=== EXERCISE BRIEF ===
Among the entries below, find each line with "sheet" and show it.

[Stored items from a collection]
# # # #

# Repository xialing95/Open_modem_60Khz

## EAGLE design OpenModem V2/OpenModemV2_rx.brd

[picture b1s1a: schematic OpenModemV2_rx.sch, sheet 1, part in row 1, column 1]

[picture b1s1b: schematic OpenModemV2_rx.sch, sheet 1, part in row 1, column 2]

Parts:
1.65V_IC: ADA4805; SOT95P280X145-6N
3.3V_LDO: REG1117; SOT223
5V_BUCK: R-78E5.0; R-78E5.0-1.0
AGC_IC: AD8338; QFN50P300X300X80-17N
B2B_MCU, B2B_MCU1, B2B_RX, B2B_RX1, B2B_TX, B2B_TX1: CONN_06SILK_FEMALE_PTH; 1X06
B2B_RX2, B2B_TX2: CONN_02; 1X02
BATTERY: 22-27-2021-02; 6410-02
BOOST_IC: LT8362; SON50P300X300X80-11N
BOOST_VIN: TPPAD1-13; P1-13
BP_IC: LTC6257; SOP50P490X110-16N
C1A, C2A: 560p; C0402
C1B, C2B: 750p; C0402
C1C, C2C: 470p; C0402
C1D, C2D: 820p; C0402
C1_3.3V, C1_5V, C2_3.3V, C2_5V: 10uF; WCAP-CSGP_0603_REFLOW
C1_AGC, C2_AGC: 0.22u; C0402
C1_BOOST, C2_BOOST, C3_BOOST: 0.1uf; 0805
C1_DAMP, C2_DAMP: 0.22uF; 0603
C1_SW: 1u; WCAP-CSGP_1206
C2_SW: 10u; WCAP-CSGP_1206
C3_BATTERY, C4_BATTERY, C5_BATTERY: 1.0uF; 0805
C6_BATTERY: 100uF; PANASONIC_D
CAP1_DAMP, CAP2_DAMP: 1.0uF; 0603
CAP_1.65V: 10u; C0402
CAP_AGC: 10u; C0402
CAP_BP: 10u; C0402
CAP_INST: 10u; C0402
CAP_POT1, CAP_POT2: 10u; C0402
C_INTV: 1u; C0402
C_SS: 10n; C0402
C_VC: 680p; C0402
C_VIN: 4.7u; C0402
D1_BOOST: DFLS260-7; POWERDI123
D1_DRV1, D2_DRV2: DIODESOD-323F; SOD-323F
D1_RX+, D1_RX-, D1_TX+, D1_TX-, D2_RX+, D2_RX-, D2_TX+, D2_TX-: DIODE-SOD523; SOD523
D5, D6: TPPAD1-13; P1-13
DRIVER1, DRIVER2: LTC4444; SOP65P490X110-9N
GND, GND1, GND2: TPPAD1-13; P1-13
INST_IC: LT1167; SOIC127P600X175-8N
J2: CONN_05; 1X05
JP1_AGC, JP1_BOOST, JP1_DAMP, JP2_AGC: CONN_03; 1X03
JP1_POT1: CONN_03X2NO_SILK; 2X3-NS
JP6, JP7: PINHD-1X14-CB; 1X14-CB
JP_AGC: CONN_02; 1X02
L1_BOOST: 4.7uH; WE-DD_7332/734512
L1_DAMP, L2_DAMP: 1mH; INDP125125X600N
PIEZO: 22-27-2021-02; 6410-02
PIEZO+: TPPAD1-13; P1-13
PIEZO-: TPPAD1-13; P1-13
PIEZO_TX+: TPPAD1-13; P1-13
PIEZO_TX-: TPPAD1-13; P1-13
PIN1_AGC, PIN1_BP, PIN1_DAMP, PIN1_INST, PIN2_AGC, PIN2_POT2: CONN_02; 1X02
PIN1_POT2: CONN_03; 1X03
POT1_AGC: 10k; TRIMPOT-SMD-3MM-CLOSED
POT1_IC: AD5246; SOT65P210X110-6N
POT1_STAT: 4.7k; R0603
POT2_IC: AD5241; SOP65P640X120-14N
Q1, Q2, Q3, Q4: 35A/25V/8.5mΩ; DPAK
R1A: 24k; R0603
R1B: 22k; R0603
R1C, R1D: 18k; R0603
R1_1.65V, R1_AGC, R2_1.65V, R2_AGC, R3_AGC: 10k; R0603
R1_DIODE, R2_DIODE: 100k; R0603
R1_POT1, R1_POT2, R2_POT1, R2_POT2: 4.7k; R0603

# # # #

=== TASK ANSWER ===
[picture b1s1a: schematic OpenModemV2_rx.sch, sheet 1, part in row 1, column 1]
[picture b1s1b: schematic OpenModemV2_rx.sch, sheet 1, part in row 1, column 2]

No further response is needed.